Please update the aws-neuron-runtime-base package:
# Ubuntu 18 or 16:
sudo apt-get update
sudo apt-get install aws-neuron-runtime-base
# Amazon Linux, Centos, RHEL
sudo yum update
sudo yum install aws-neuron-runtime-base
Neuron SDK Release - May 11, 2020
This release provides additional throughput improvements to running inference on a variety of models; for example BERTlarge throughput has improved by an additional 35% compared to the previous release and with peak thoughput of 360 seq/second on inf1.xlarge (more details here).
In addition to the performance boost, this release adds PyTorch, and MXNet framework support for BERT models, as well as expands container support in preparation to an upcoming EKS launch.
We continue to work on new features and improving performance further, to stay up to date follow this repository and our Neuron roadmap.
Refer to the detailed release notes for more information for each Neuron component.
Important to know:
-
Size of neural network. The current Neuron compiler release has a limitation in terms of the size of neural network it could effectively optimize for. The size of neural network is influenced by a number of factors including: a) type of neural network (CNN, LSTM, MLP) , b) number of layers, c) sizes of input (dimension of the tensors, batch size, ...). As a result, we limit the sizes of CNN models like ResNet to have an input size limit of 480x480 fp16/32, batch size=4; LSTM models like GNMT to have a time step limit of 900; MLP models like BERT to have input size limit of sequence length=128, batch=8.
-
INT8 data type is not currently supported by the Neuron compiler.
-
Neuron does not support TensorFlow 2 or PyTorch 1.4.0.
Neuron SDK Release - March 26, 2020
This release supports a variant of the SSD object detection network, a SSD inference demo is available here
This release also enhances our Tensorboard support to enable CPU-node visibility.
Refer to the detailed release notes for more information for each neuron component.
Important to know:
-
Size of neural network.
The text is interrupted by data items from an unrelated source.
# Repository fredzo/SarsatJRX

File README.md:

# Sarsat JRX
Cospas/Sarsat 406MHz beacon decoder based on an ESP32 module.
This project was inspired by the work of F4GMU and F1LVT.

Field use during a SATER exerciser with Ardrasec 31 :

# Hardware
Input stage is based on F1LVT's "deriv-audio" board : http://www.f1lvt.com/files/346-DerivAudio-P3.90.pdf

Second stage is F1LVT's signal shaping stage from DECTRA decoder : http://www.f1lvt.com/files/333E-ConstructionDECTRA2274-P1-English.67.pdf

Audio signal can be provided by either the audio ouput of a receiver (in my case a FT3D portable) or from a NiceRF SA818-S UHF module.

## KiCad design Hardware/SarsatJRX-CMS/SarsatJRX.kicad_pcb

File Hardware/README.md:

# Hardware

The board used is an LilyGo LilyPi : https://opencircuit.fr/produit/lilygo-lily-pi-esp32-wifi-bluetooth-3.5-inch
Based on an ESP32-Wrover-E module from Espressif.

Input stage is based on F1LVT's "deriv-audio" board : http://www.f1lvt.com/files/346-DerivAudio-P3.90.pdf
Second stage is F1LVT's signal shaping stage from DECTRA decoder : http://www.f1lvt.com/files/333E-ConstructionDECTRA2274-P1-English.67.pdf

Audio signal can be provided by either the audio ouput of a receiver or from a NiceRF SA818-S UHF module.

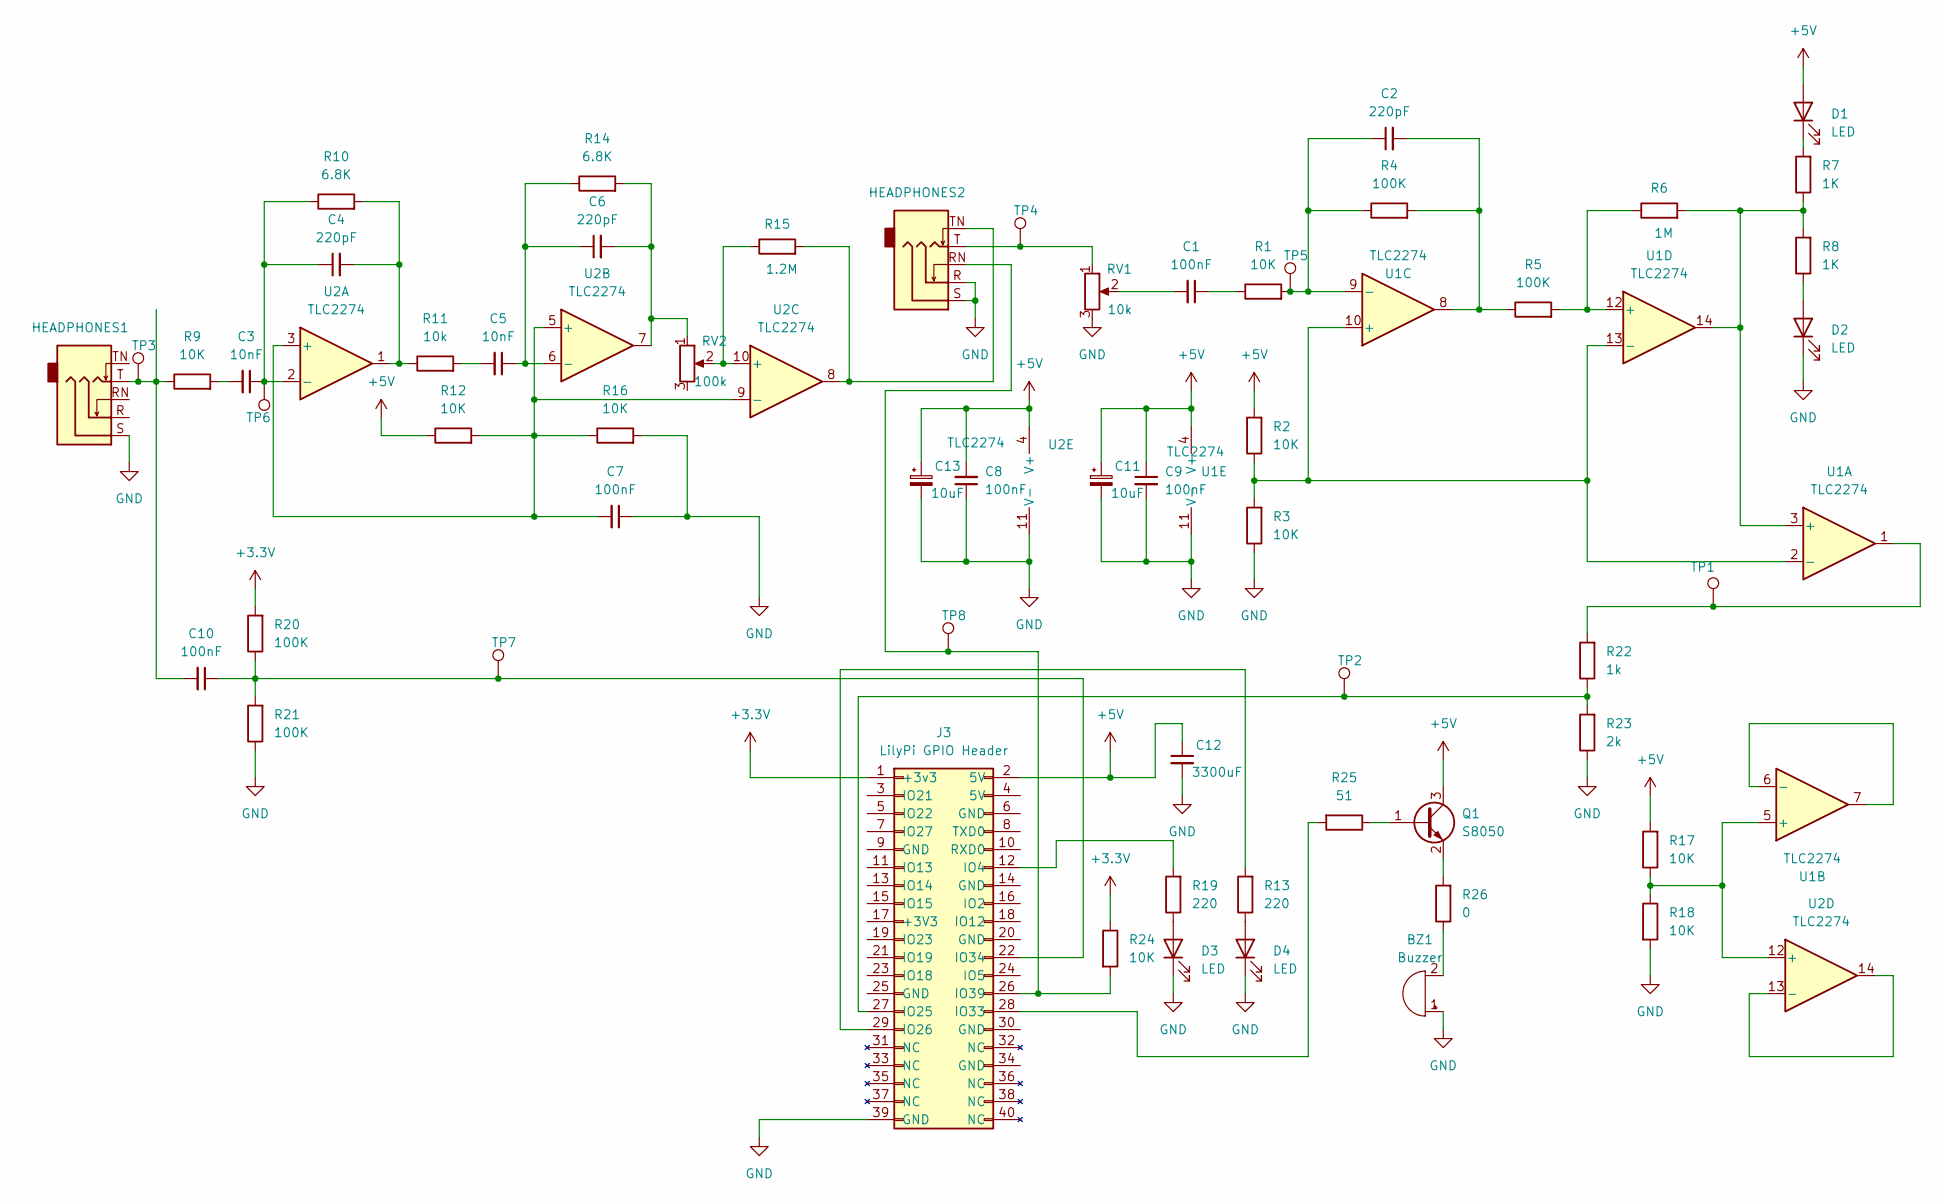
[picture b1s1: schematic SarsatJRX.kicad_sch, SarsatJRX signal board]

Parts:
BZ1: Buzzer; MagneticBuzzer_PUI_AT-0927-TT-6-R-side-horn
C1, C7, C8, C9, C10: 100nF; C_0603_1608Metric
C2, C4, C6: 220pF; C_0603_1608Metric
C3, C5: 10nF; C_0603_1608Metric
C11, C13: 10uF; CP_EIA-3216-18_Kemet-A
C12: 3300uF; CP_Radial_D8.0mm_P3.50mm
D1, D2, D3, D4: LED; LED_D5.0mm
HEADPHONES1, HEADPHONES2: AudioJack3_SwitchTR; PJ-307
J3: LilyPi GPIO Header; RPI_Hat_B+
Q1: S8050; SOT-23-3_L3.0-W1.7-P0.95-LS2.9-BR
R1, R2, R3, R9, R12, R16, R17, R18, R24: 10K; R_0603_1608Metric
R4, R5, R20, R21: 100K; R_0603_1608Metric
R6: 1M; R_0603_1608Metric
R7, R8: 1K; R_0603_1608Metric
R10, R14: 6.8K; R_0603_1608Metric
R11: 10k; R_0603_1608Metric
R13, R19: 220; R_0603_1608Metric
R15: 1.2M; R_0603_1608Metric
R22: 1k; R_0603_1608Metric
R23: 2k; R_0603_1608Metric
R25: 51; R_0603_1608Metric
R26: 0; R_0603_1608Metric
RV1: 10k; Potentiometer_Bourns_3296W_Vertical
RV2: 100k; Potentiometer_Bourns_3296W_Vertical
TP1, TP2, TP3, TP4, TP5, TP6, TP7, TP8: TestPoint_Pad_D1.0mm
U1, U2: TLC2274; SOIC-14_3.9x8.7mm_P1.27mm

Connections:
+3.3V: J3.1 (+3v3), R20.2, R24.1
+5V: C8.2, C9.1, C11.1, C12.1, C13.1, D1.2 (A), J3.2 (5V), Q1.3 (C), R2.2, R12.1, R17.2, U1.4 (V+), U2.4 (V+)
GND: BZ1.1 (+), C7.1, C8.1, C9.2, C11.2, C12.2, C13.2, D2.1 (K), D3.1 (K), D4.1 (K), HEADPHONES1.S, HEADPHONES2.R, HEADPHONES2.S, J3.39 (GND), R3.1, R16.2, R18.2, R21.1, R23.1, RV1.3, U1.11 (V-), U2.11 (V-)
unnamed: BZ1.2 (-), R26.1
unnamed: C1.1, R1.1
unnamed: C1.2, RV1.2
unnamed: C2.2, R4.2, R5.1, U1.8
unnamed: C3.2, R9.2
unnamed: C4.2, R10.2, R11.1, U2.1
unnamed: C5.2, R11.2
unnamed: C6.2, R14.2, RV2.1, U2.7
unnamed: C10.2, HEADPHONES1.T, R9.1, TP3.1
unnamed: D1.1 (K), R7.2
unnamed: D2.2 (A), R8.1
unnamed: D3.2 (A), R19.1
unnamed: D4.2 (A), R13.1
unnamed: HEADPHONES2.T, RV1.1, TP4.1
unnamed: HEADPHONES2.TN, R15.2, U2.8
unnamed: J3.12 (IO4), R19.2
unnamed: J3.27 (IO25), R22.1, R23.2, TP2.1
unnamed: J3.29 (IO26), R13.2
unnamed: J3.28 (IO33), R25.2
unnamed: C10.1, J3.22 (IO34), R20.1, R21.2, TP7.1
unnamed: HEADPHONES2.RN, J3.26 (IO39), R24.2, TP8.1
unnamed: Q1.1 (B), R25.1
unnamed: Q1.2 (E), R26.2
unnamed: R22.2, TP1.1, U1.1
unnamed: R6.2, R7.1, R8.2, U1.3 (+), U1.14
unnamed: R2.1, R3.2, U1.2 (-), U1.10 (+), U1.13 (-)
unnamed: R17.1, R18.1, U1.5 (+), U2.12 (+)
unnamed: U1.6 (-), U1.7
unnamed: C2.1, R1.2, R4.1, TP5.1, U1.9 (-)
unnamed: R5.2, R6.1, U1.12 (+)
unnamed: C7.2, R12.2, R16.1, U2.3 (+), U2.5 (+), U2.9 (-)
unnamed: C3.1, C4.1, R10.1, TP6.1, U2.2 (-)
unnamed: C5.1, C6.1, R14.1, U2.6 (-)
unnamed: R15.1, RV2.2, U2.10 (+)
unnamed: U2.13 (-), U2.14

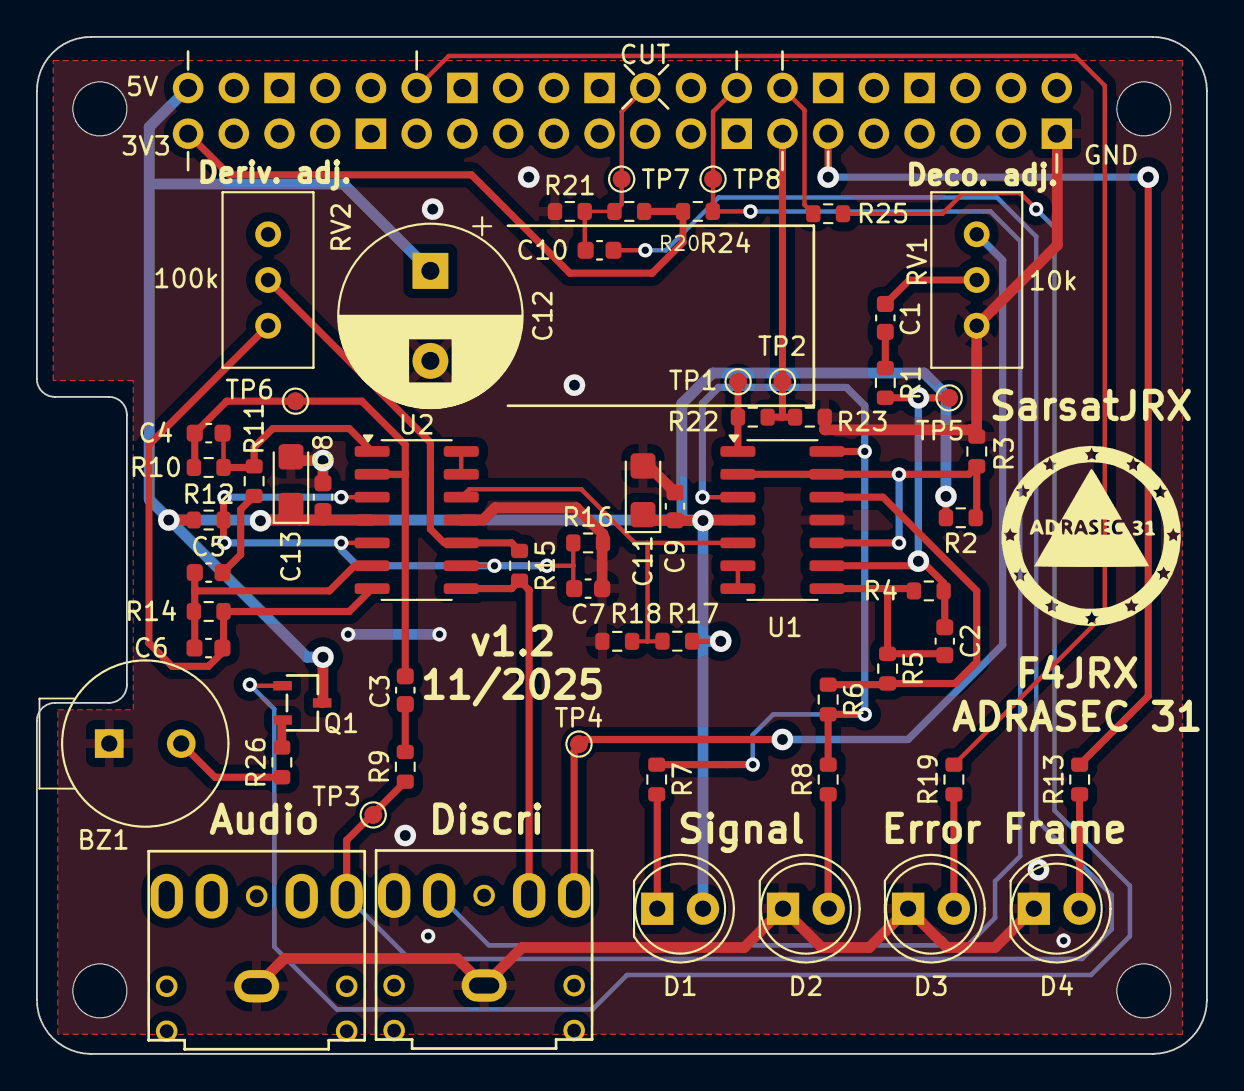
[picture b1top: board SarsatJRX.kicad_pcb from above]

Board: 2 copper layers, 65.0 x 56.5 mm, 60 parts (0 on the bottom side), 38 nets.

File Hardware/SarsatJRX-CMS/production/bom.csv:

Designator,Footprint,Quantity,Value,LCSC Part #
BZ1,MagneticBuzzer_PUI_AT-0927-TT-6-R-side-horn,1,Buzzer,
"C1, C10, C7, C8, C9",0603,5,100nF,
C11,CP_EIA-3216-18_Kemet-A,1,10uF,
C12,CP_Radial_D8.0mm_P3.50mm,1,470uF,
"C2, C4, C6",0603,3,220pF,
"C3, C5",0603,2,10nF,
"D1, D2, D3, D4",LED_D5.0mm,4,LED,
"HEADPHONES1, HEADPHONES2",PJ-307,2,AudioJack3_SwitchTR,
J3,RPI_Hat_B+,1,LilyPi GPIO Header,
Q1,SOT-23-3_L3.0-W1.7-P0.95-LS2.9-BR,1,S8050,
"R1, R11, R12, R16, R17, R18, R2, R24, R3, R9",0603,10,10K,
"R10, R14",0603,2,6.8K,
"R13, R19",0603,2,220,
R15,0603,1,1.2M,
"R20, R21, R4, R5",0603,4,100K,
"R22, R7, R8",0603,3,1k,
R23,0603,1,2k,
R25,0603,1,51,
R26,0603,1,0,
R6,0603,1,1M,
RV1,Potentiometer_Bourns_3296W_Vertical,1,10k,
RV2,Potentiometer_Bourns_3296W_Vertical,1,200k,
"TP1, TP2, TP3, TP4, TP5, TP6, TP7, TP8",TestPoint_Pad_D1.0mm,8,~,
"U1, U2",SOIC-14_3.9x8.7mm_P1.27mm,2,TLC2274,

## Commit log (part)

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2023-08-28 Moved to u8g2 fonts.
2023-08-28 Moved to XPT2046 touch driver (+ added touch calibration mode).
2023-08-29 Added additionnal data, serial number and loacting devices parsing and display.
2023-08-29 Fixed additional data
2023-08-29 LVGL will have to wait for ESP32 board !...
2023-08-30 Fixed screen refresh
2023-08-31 Fixed header display/update
2023-09-01 Added RTC driver
2023-09-01 Added backlight + first step to RTC
2023-09-01 Try and solve I2c communication problem with touch controller
2023-09-02 Esp32 with Arduino GFX Driver => color problem...
2023-09-02 Fixed typo
2023-09-03 Try and move to TFT_eSPI
2023-09-03 Finally fixed TFT_eSPI with official latest version
2023-09-04 Fixed display and touch management.
2023-09-05 Added RTC + time display
2023-09-06 First step to LVGL
2023-09-07 Fixed lvgl conf access
2023-09-07 Added lvgl QR code test
2023-09-08 First step to beacon display with tabview
2023-09-09 Added pagination
2023-09-09 Added proper monospace font
2023-09-09 Fixed some styles, added beacon receive date/time
2023-09-09 Code reorganization / split into several files
2023-09-10 More cleanup + smaller footer.
2023-09-10 Fixed positions
2023-09-10 Fixed bg color for better readability
2023-09-11 Fixed c_str() dangling pointers
2023-09-11 Removed unused features/fonts.
2023-09-11 Fixed led blinking.
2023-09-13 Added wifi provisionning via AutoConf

The current Neuron compiler release has a limitation in terms of the size of neural network it could effectively optimize for. The size of neural network is influenced by a number of factors including: a) type of neural network (CNN, LSTM, MLP) , b) number of layers, c) sizes of input (dimension of the tensors, batch size, ...). As a result, we limit the sizes of CNN models like ResNet to have an input size limit of 480x480 fp16/32, batch size=4; LSTM models like GNMT to have a time step limit of 900; MLP models like BERT to have input size limit of sequence length=128, batch=8.
-
INT8 data type is not currently supported by the Neuron compiler.
-
Neuron does not support TensorFlow 2 or PyTorch 1.4.0.
Neuron SDK Release - February 27, 2020
This release improves performance throughput by up to 10%, for example ResNet-50 on inf1.xlarge has increased from 1800 img/sec to 2040 img/sec, Neuron logs include more detailed messages and various bug fixes. Refer to the detailed release notes for more details.
We continue to work on new features and improving performance further, to stay up to date follow this repository, and watch the AWS Neuron developer forum.
Important to know:
-
Size of neural network. The current Neuron compiler release has a limitation in terms of the size of neural network it could effectively optimize for. The size of neural network is influenced by a number of factors including: a) type of neural network (CNN, LSTM, MLP) , b) number of layers, c) sizes of input (dimension of the tensors, batch size, ...). As a result, we limit the sizes of CNN models like ResNet to have an input size limit of 480x480 fp16/32, batch size=4; LSTM models like GNMT to have a time step limit of 900; MLP models like BERT to have input size limit of sequence length=128, batch=8.
-
Computer-vision object detection and segmentation models are not yet supported.
-
INT8 data type is not currently supported by the Neuron compiler.
-
Neuron does not support TensorFlow 2 or PyTorch 1.4.0.